タイトルである「ゼロの迎撃」のゼロとは、国内で起こる敵国の武装攻撃に対して、迎え撃つ日本側には何ひとつ準備ができていないことを言っているのではないか、と思います。日本の防衛は、水際で敵を迎え撃つことを想定しているので、外からの攻撃に対しては備えがあるものの、国内で起こる攻撃に対しては全く無力であり、様々なシビリアンコントロールで身動きできないこと、決断に時間がかかることを敵は見抜いており、日本のその弱点を突いてきます。

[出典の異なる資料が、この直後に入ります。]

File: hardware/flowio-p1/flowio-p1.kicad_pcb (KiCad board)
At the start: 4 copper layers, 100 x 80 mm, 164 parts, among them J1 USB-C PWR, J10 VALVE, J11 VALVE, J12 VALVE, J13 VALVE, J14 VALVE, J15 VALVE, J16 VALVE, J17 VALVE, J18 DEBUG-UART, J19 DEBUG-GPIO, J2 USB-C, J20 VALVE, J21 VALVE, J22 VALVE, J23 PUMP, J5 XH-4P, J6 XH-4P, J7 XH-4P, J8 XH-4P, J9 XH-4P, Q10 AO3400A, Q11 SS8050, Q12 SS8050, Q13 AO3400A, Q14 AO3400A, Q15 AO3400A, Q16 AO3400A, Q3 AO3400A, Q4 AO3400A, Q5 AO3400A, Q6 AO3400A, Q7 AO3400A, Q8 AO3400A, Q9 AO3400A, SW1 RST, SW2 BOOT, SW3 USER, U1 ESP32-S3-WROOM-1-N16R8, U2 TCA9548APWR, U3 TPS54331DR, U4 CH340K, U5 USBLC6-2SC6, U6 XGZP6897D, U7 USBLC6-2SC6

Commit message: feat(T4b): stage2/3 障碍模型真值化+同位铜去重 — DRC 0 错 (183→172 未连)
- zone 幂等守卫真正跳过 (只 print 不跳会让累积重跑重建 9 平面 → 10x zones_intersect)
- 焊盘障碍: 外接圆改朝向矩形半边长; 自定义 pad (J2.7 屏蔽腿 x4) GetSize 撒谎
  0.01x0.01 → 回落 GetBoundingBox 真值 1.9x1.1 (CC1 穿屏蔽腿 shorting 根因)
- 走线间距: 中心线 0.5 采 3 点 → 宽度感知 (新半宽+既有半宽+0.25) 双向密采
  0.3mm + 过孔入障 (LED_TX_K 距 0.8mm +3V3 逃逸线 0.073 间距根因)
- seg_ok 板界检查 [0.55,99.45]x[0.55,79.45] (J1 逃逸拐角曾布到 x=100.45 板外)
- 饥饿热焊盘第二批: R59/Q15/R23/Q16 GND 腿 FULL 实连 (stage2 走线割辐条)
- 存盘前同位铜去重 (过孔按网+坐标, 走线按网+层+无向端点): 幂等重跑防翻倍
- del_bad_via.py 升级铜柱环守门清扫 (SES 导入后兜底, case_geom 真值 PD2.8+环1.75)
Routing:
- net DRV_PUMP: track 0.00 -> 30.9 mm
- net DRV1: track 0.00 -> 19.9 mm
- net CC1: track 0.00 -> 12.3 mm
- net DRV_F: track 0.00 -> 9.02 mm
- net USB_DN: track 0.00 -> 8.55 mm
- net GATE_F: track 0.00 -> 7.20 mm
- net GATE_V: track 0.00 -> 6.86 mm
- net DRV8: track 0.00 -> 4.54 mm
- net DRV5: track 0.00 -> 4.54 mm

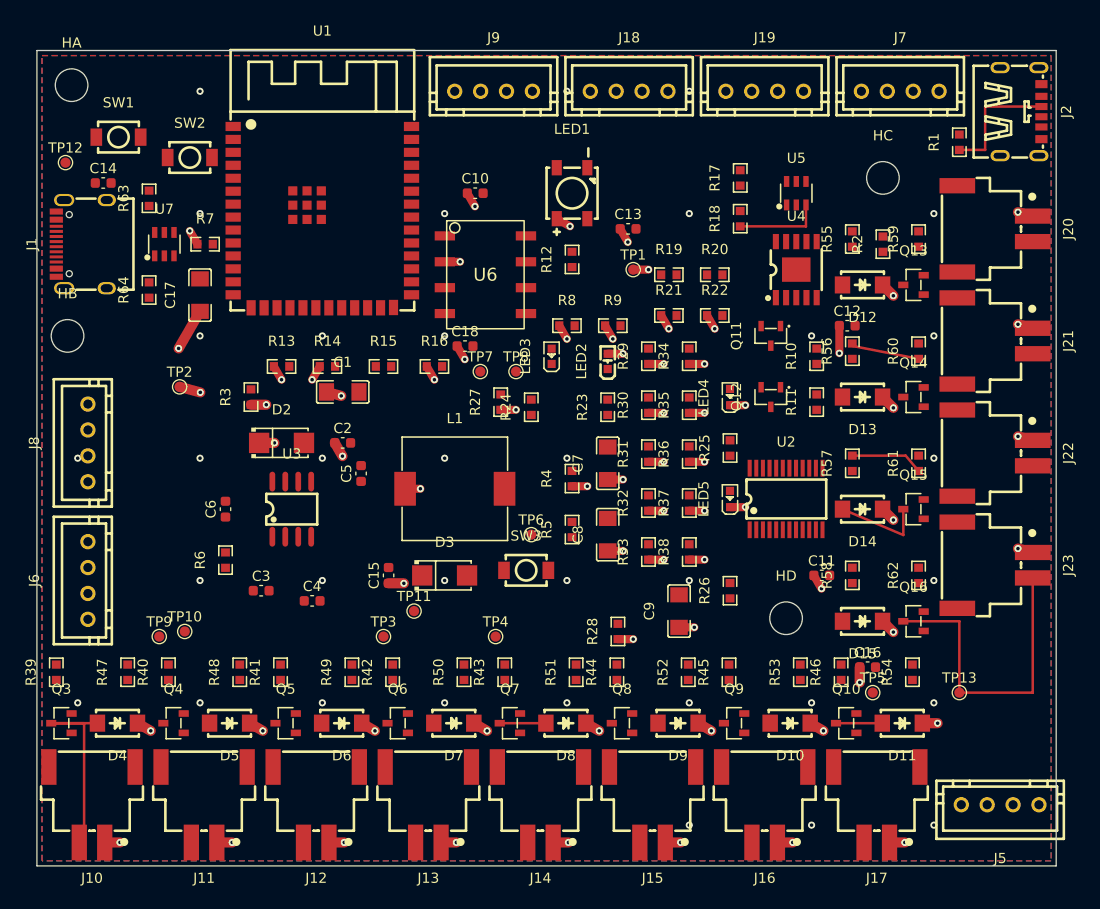
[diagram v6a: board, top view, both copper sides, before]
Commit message: feat(T4c): freerouting round4 + 阶段4 电源收尾 — DRC 0 错 (183→49 未连)
- freerouting v2.4.1 headless (jdk-25): -mp 200 -us hybrid -hr 1:1
  improvement_threshold=0.0 via_costs=80 + optimizer max_passes=3
  (实测 optimizer 5 轮 0 改进, 不设上限会跑满 200 轮 ≈5h)
- 扇出 388/390 SMD; 自动布线 110→6 未连; SES 117KB 导入: 1196 走线/266 过孔
- 阶段4 (独立路径提前退出, 不重跑 1-3):
  * J1 +5V 入口: 0.2 狗骨 x1 + 0.5 左缘总线 (与 freerouting 西逃逸网同节点并联),
    0.15 扇出短桩全数加宽 0.2 (netclass)
  * Z5NECK 颈桥平面 (6-17,32.5-38) prio6: Z5a-Z5b 2.5mm 共边 + freerouting
    In2 信号线 (S4_SDA/+3V3) 穿颈, 走线桥无窗 → 平面填充自动 carve
- CH_TX y19.78→19.82 (加宽后距 U4.6 RTS 0.18→0.22)
- 饥饿热焊盘第三批 x9 FULL 实连 (Q13/Q14/R24/R47/R64/U3.7/U2.1/U4.11/C16.2)
- 删 B4A9 右狗骨通道 x4 (与 freerouting CC1 拐线同位冲突)
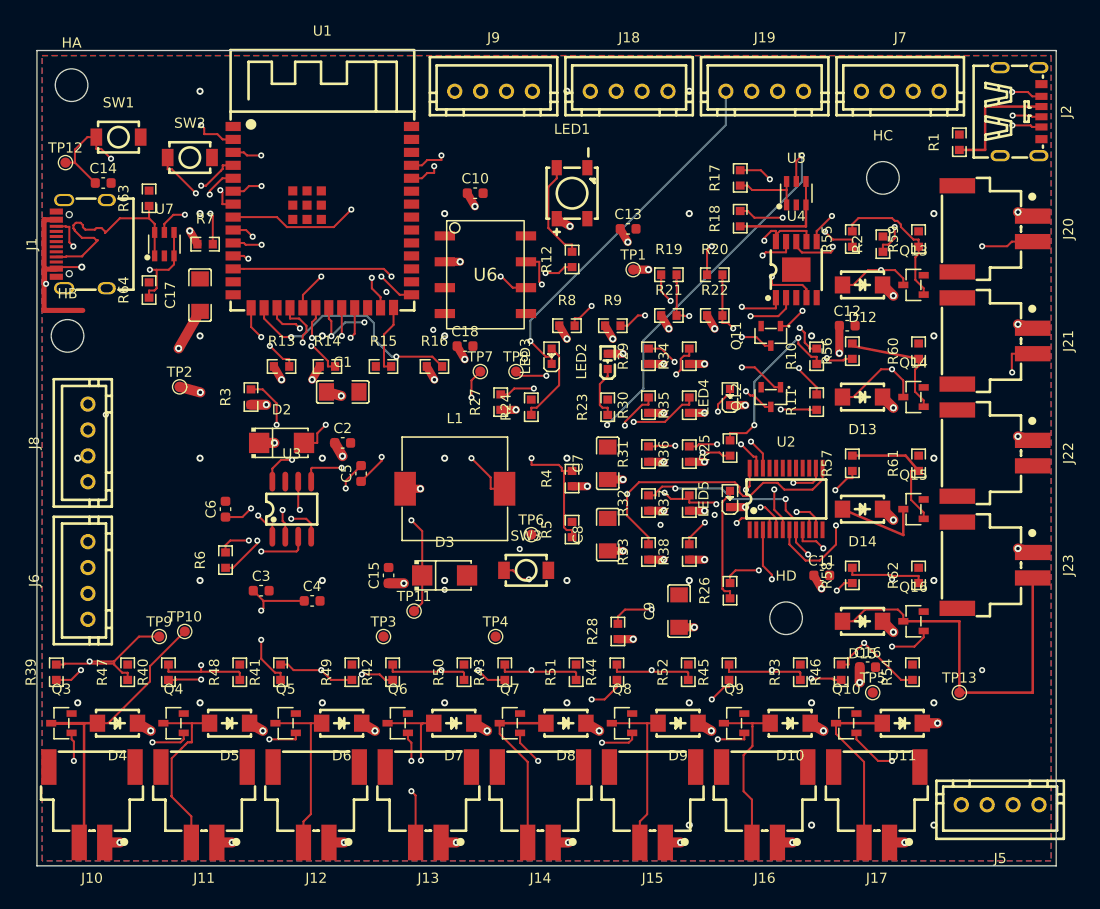
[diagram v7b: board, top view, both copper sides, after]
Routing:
- net BOOT: track 0.00 -> 131.1 mm, vias 0 -> 6
- net BTN_USER: track 0.00 -> 111.6 mm, vias 0 -> 3
- net S2_SCL: track 0.00 -> 109.3 mm, vias 0 -> 2
- net USB_VBUS: track 0.00 -> 99.8 mm, vias 0 -> 5
- net EN: track 0.00 -> 94.0 mm, vias 0 -> 4
- net I2C_SDA: track 0.00 -> 92.0 mm, vias 0 -> 5
- net S2_SDA: track 0.00 -> 90.6 mm, vias 0 -> 3
- net IO18: track 0.00 -> 82.7 mm, vias 0 -> 4
- net S4_SCL: track 0.00 -> 81.5 mm, vias 0 -> 3
- net +3V3: track 55.2 -> 136.1 mm, vias 36 -> 41
- net S4_SDA: track 0.00 -> 80.5 mm, vias 0 -> 2
- net I2C_SCL: track 0.00 -> 79.7 mm, vias 0 -> 5
- net S3_SCL: track 0.00 -> 76.3 mm, vias 0 -> 2
- net S3_SDA: track 0.00 -> 75.5 mm, vias 0 -> 3
- net IO21: track 0.00 -> 74.2 mm, vias 0 -> 3

自衛隊の出動を決断した時の梶塚首相のスピーチは感動的です。

この小説のような設定が荒唐無稽なこととは思えず、あり得ない話ではないと思います。そのような場合の備えが、法的な整備も含めて全然できていない。作者はこのような日本の防衛面での大問題を提起しているのだと思います。

そのような難しい問題はともかく、ストーリーは展開がスリリングで手に汗握り、久しぶりに夜更かしをしてしまいました。私の中では今年のベスト作品です。年末の「このミステリーがすごい」での上位ランクインや、次回の本屋大賞などいくつかのポピュラーな文芸賞にノミネートされることになるのでは、と予想します。

映画化されるとしたら、首相は北大路欣也しかいない。主人公の真下は・・・ウーン、また岡田准一という訳にもいかないし、竹ノ内豊くらいかな・・・などと想像して読むのも楽しいものです。